Items from a dataset:
*** Block opens ***

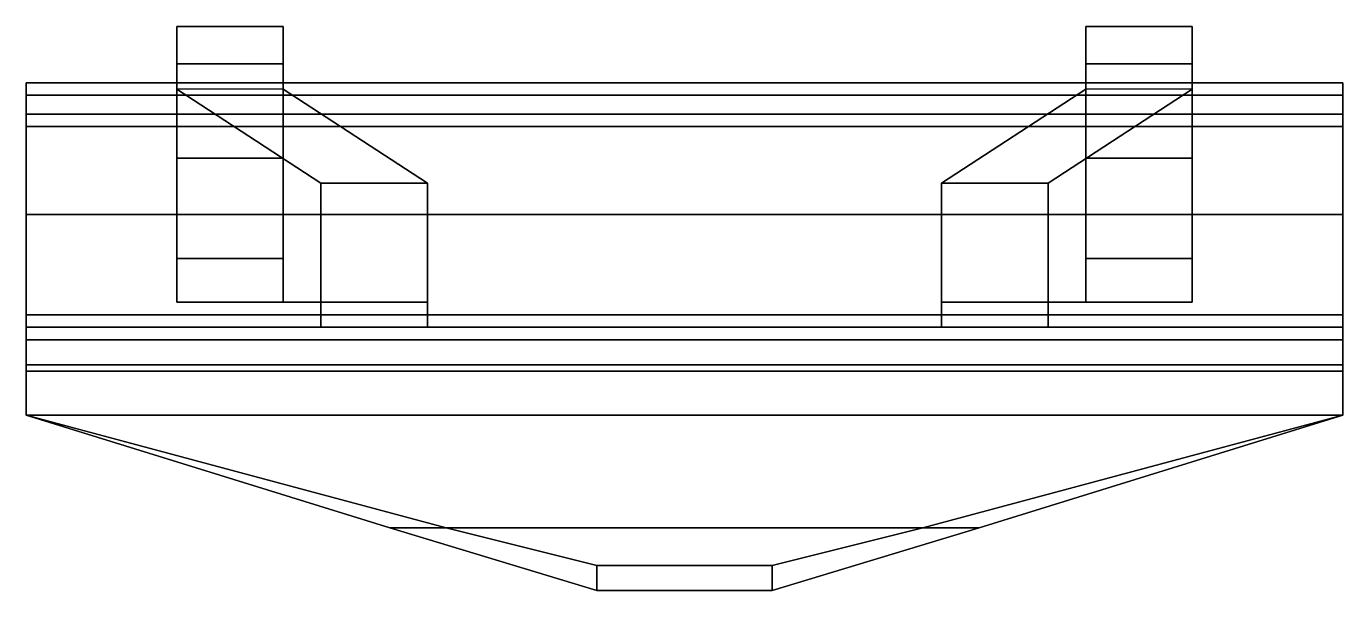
# Model space of a CAD drawing. Extents: x -1.05 to 1.05, y -0.77 to 0.13.
import ezdxf

# ---------------------------------------------------------------- set-up
doc = ezdxf.new("R2010")
doc.units = 0
doc.layers.add('DOZER_BLADE', color=1, linetype='CONTINUOUS')

msp = doc.modelspace()

# ---------------------------------------------------------------- linework, layer by layer
at = {"layer": 'DOZER_BLADE'}
for points in [[(-0.81, 0.07, -0.11), (-0.81, -0.08, -0.11), (-0.81, -0.24, 0.03), (-0.81, 0.13, -0.05)], [(-0.64, 0.13, -0.05), (-0.64, 0.07, -0.11), (-0.81, 0.07, -0.11), (-0.81, 0.13, -0.05)], [(-0.81, 0.13, -0.05), (-0.81, -0.24, 0.03), (-0.81, -0.24, 0.03), (-0.81, 0.13, 0.19)], [(-0.64, 0.13, 0.19), (-0.64, 0.13, -0.05), (-0.81, 0.13, -0.05), (-0.81, 0.13, 0.19)], [(-0.81, -0.24, 0.03), (-0.81, -0.31, 0.03), (-0.81, -0.31, 0.19), (-0.81, 0.13, 0.19)], [(-0.81, 0.13, 0.19), (-0.81, -0.31, 0.19), (-0.64, -0.31, 0.19), (-0.64, 0.13, 0.19)], [(-0.64, -0.24, 0.03), (-0.64, -0.08, -0.11), (-0.64, 0.07, -0.11), (-0.64, 0.13, -0.05)], [(-0.64, -0.24, 0.03), (-0.64, -0.24, 0.03), (-0.64, 0.13, -0.05), (-0.64, 0.13, 0.19)], [(-0.64, -0.31, 0.19), (-0.64, -0.31, 0.03), (-0.64, -0.24, 0.03), (-0.64, 0.13, 0.19)], [(0.64, -0.24, 0.03), (0.64, -0.31, 0.03), (0.64, -0.31, 0.19), (0.64, 0.13, 0.19)], [(0.64, 0.13, -0.05), (0.64, -0.24, 0.03), (0.64, -0.24, 0.03), (0.64, 0.13, 0.19)], [(0.81, 0.13, 0.19), (0.81, 0.13, -0.05), (0.64, 0.13, -0.05), (0.64, 0.13, 0.19)], [(0.64, 0.07, -0.11), (0.64, -0.08, -0.11), (0.64, -0.24, 0.03), (0.64, 0.13, -0.05)], [(0.81, 0.13, -0.05), (0.81, 0.07, -0.11), (0.64, 0.07, -0.11), (0.64, 0.13, -0.05)], [(0.64, 0.13, 0.19), (0.64, -0.31, 0.19), (0.81, -0.31, 0.19), (0.81, 0.13, 0.19)], [(0.81, -0.31, 0.19), (0.81, -0.31, 0.03), (0.81, -0.24, 0.03), (0.81, 0.13, 0.19)], [(0.81, -0.24, 0.03), (0.81, -0.24, 0.03), (0.81, 0.13, -0.05), (0.81, 0.13, 0.19)], [(0.81, -0.24, 0.03), (0.81, -0.08, -0.11), (0.81, 0.07, -0.11), (0.81, 0.13, -0.05)], [(-0.64, 0.07, -0.11), (-0.64, -0.08, -0.11), (-0.81, -0.08, -0.11), (-0.81, 0.07, -0.11)], [(0.81, 0.07, -0.11), (0.81, -0.08, -0.11), (0.64, -0.08, -0.11), (0.64, 0.07, -0.11)], [(1.05, 0.04, 1.7), (1.05, -0.01, 1.59), (-1.05, -0.01, 1.59), (-1.05, 0.04, 1.7)], [(-1.05, 0.04, 1.7), (-1.05, -0.01, 1.59), (-1.05, -0.03, 1.59), (-1.05, 0.02, 1.7)], [(1.05, 0.02, 1.7), (1.05, 0.04, 1.7), (-1.05, 0.04, 1.7), (-1.05, 0.02, 1.7)], [(-0.41, -0.12, 1.13), (-0.64, 0.03, 0.19), (-0.81, 0.03, 0.19), (-0.58, -0.12, 1.13)], [(-0.81, 0.03, 0.19), (-0.81, -0.31, 0.19), (-0.58, -0.31, 1.13), (-0.58, -0.12, 1.13)], [(-0.41, -0.31, 1.13), (-0.64, -0.31, 0.19), (-0.64, 0.03, 0.19), (-0.41, -0.12, 1.13)], [(0.58, -0.12, 1.13), (0.81, 0.03, 0.19), (0.64, 0.03, 0.19), (0.41, -0.12, 1.13)], [(0.64, 0.03, 0.19), (0.64, -0.31, 0.19), (0.41, -0.31, 1.13), (0.41, -0.12, 1.13)], [(0.58, -0.31, 1.13), (0.81, -0.31, 0.19), (0.81, 0.03, 0.19), (0.58, -0.12, 1.13)], [(1.05, -0.03, 1.59), (1.05, -0.01, 1.59), (1.05, 0.04, 1.7), (1.05, 0.02, 1.7)], [(-1.05, 0.02, 1.7), (-1.05, -0.03, 1.59), (1.05, -0.03, 1.59), (1.05, 0.02, 1.7)], [(-1.05, -0.01, 1.42), (-1.05, -0.17, 1.25), (-1.05, -0.33, 1.32), (-1.05, -0.17, 1.42)], [(1.05, -0.01, 1.42), (1.05, -0.17, 1.25), (-1.05, -0.17, 1.25), (-1.05, -0.01, 1.42)], [(-1.05, -0.01, 1.59), (-1.05, -0.01, 1.42), (-1.05, -0.17, 1.42), (-1.05, -0.03, 1.59)], [(1.05, -0.01, 1.59), (1.05, -0.01, 1.42), (-1.05, -0.01, 1.42), (-1.05, -0.01, 1.59)], [(1.05, -0.33, 1.32), (1.05, -0.17, 1.25), (1.05, -0.01, 1.42), (1.05, -0.17, 1.42)], [(1.05, -0.17, 1.42), (1.05, -0.01, 1.42), (1.05, -0.01, 1.59), (1.05, -0.03, 1.59)], [(-1.05, -0.03, 1.59), (-1.05, -0.17, 1.42), (1.05, -0.17, 1.42), (1.05, -0.03, 1.59)], [(-0.81, -0.24, 0.03), (-0.81, -0.08, -0.11), (-0.64, -0.08, -0.11), (-0.64, -0.24, 0.03)], [(0.64, -0.24, 0.03), (0.64, -0.08, -0.11), (0.81, -0.08, -0.11), (0.81, -0.24, 0.03)], [(-0.58, -0.12, 1.13), (-0.58, -0.31, 1.13), (-0.58, -0.35, 1.23), (-0.58, -0.17, 1.25)], [(-0.41, -0.17, 1.25), (-0.41, -0.12, 1.13), (-0.58, -0.12, 1.13), (-0.58, -0.17, 1.25)], [(-0.41, -0.35, 1.23), (-0.41, -0.31, 1.13), (-0.41, -0.12, 1.13), (-0.41, -0.17, 1.25)], [(0.58, -0.17, 1.25), (0.58, -0.12, 1.13), (0.41, -0.12, 1.13), (0.41, -0.17, 1.25)], [(0.41, -0.12, 1.13), (0.41, -0.31, 1.13), (0.41, -0.35, 1.23), (0.41, -0.17, 1.25)], [(0.58, -0.35, 1.23), (0.58, -0.31, 1.13), (0.58, -0.12, 1.13), (0.58, -0.17, 1.25)], [(-1.05, -0.17, 1.25), (-1.05, -0.35, 1.23), (-1.05, -0.37, 1.32), (-1.05, -0.33, 1.32)], [(1.05, -0.17, 1.25), (1.05, -0.35, 1.23), (-1.05, -0.35, 1.23), (-1.05, -0.17, 1.25)], [(-1.05, -0.17, 1.42), (-1.05, -0.33, 1.32), (1.05, -0.33, 1.32), (1.05, -0.17, 1.42)], [(1.05, -0.37, 1.32), (1.05, -0.35, 1.23), (1.05, -0.17, 1.25), (1.05, -0.33, 1.32)], [(-0.64, -0.24, 0.03), (-0.64, -0.31, 0.03), (-0.81, -0.31, 0.03), (-0.81, -0.24, 0.03)], [(0.81, -0.24, 0.03), (0.81, -0.31, 0.03), (0.64, -0.31, 0.03), (0.64, -0.24, 0.03)], [(-0.81, -0.31, 0.19), (-0.81, -0.31, 0.03), (-0.64, -0.31, 0.03), (-0.64, -0.31, 0.19)], [(-0.58, -0.31, 1.13), (-0.81, -0.31, 0.19), (-0.64, -0.31, 0.19), (-0.41, -0.31, 1.13)], [(-0.58, -0.35, 1.23), (-0.58, -0.31, 1.13), (-0.41, -0.31, 1.13), (-0.41, -0.35, 1.23)], [(0.41, -0.31, 1.13), (0.64, -0.31, 0.19), (0.81, -0.31, 0.19), (0.58, -0.31, 1.13)], [(0.41, -0.35, 1.23), (0.41, -0.31, 1.13), (0.58, -0.31, 1.13), (0.58, -0.35, 1.23)], [(0.64, -0.31, 0.19), (0.64, -0.31, 0.03), (0.81, -0.31, 0.03), (0.81, -0.31, 0.19)], [(-1.05, -0.33, 1.32), (-1.05, -0.37, 1.32), (1.05, -0.37, 1.32), (1.05, -0.33, 1.32)], [(-1.05, -0.35, 1.23), (-1.05, -0.42, 1.23), (-1.05, -0.41, 1.38), (-1.05, -0.37, 1.32)], [(1.05, -0.35, 1.23), (1.05, -0.42, 1.23), (-1.05, -0.42, 1.23), (-1.05, -0.35, 1.23)], [(1.05, -0.41, 1.38), (1.05, -0.42, 1.23), (1.05, -0.35, 1.23), (1.05, -0.37, 1.32)], [(-1.05, -0.37, 1.32), (-1.05, -0.41, 1.38), (1.05, -0.41, 1.38), (1.05, -0.37, 1.32)], [(-1.05, -0.41, 1.38), (-1.05, -0.49, 1.51), (1.05, -0.49, 1.51), (1.05, -0.41, 1.38)], [(-1.05, -0.42, 1.23), (-1.05, -0.49, 1.36), (-1.05, -0.49, 1.51), (-1.05, -0.41, 1.38)], [(1.05, -0.42, 1.23), (1.05, -0.49, 1.36), (-1.05, -0.49, 1.36), (-1.05, -0.42, 1.23)], [(1.05, -0.49, 1.51), (1.05, -0.49, 1.36), (1.05, -0.42, 1.23), (1.05, -0.41, 1.38)], [(-0.47, -0.67, 1.68), (-1.05, -0.49, 1.36), (1.05, -0.49, 1.36), (0.47, -0.67, 1.68)], [(-1.05, -0.49, 1.51), (-1.05, -0.49, 1.36), (-0.47, -0.67, 1.68), (-0.38, -0.67, 1.83)], [(0.38, -0.67, 1.83), (1.05, -0.49, 1.51), (-1.05, -0.49, 1.51), (-0.38, -0.67, 1.83)], [(0.47, -0.67, 1.68), (1.05, -0.49, 1.36), (1.05, -0.49, 1.51), (0.38, -0.67, 1.83)], [(-0.38, -0.67, 1.83), (-0.47, -0.67, 1.68), (-0.14, -0.77, 1.96), (-0.14, -0.73, 1.96)], [(-0.14, -0.77, 1.96), (-0.47, -0.67, 1.68), (0.47, -0.67, 1.68), (0.14, -0.77, 1.96)], [(0.14, -0.73, 1.96), (0.38, -0.67, 1.83), (-0.38, -0.67, 1.83), (-0.14, -0.73, 1.96)], [(0.14, -0.77, 1.96), (0.47, -0.67, 1.68), (0.38, -0.67, 1.83), (0.14, -0.73, 1.96)], [(-0.14, -0.73, 1.96), (-0.14, -0.77, 1.96), (0.14, -0.77, 1.96), (0.14, -0.73, 1.96)]]:
    msp.add_3dface(points, dxfattribs=at)

doc.saveas('drawing.dxf')

*** Block closes ***

_Task requirements_
Where the word "drawing" shows up in a line of the entries above, count that line; the answer is the total alone.

_Response to this exercise_
2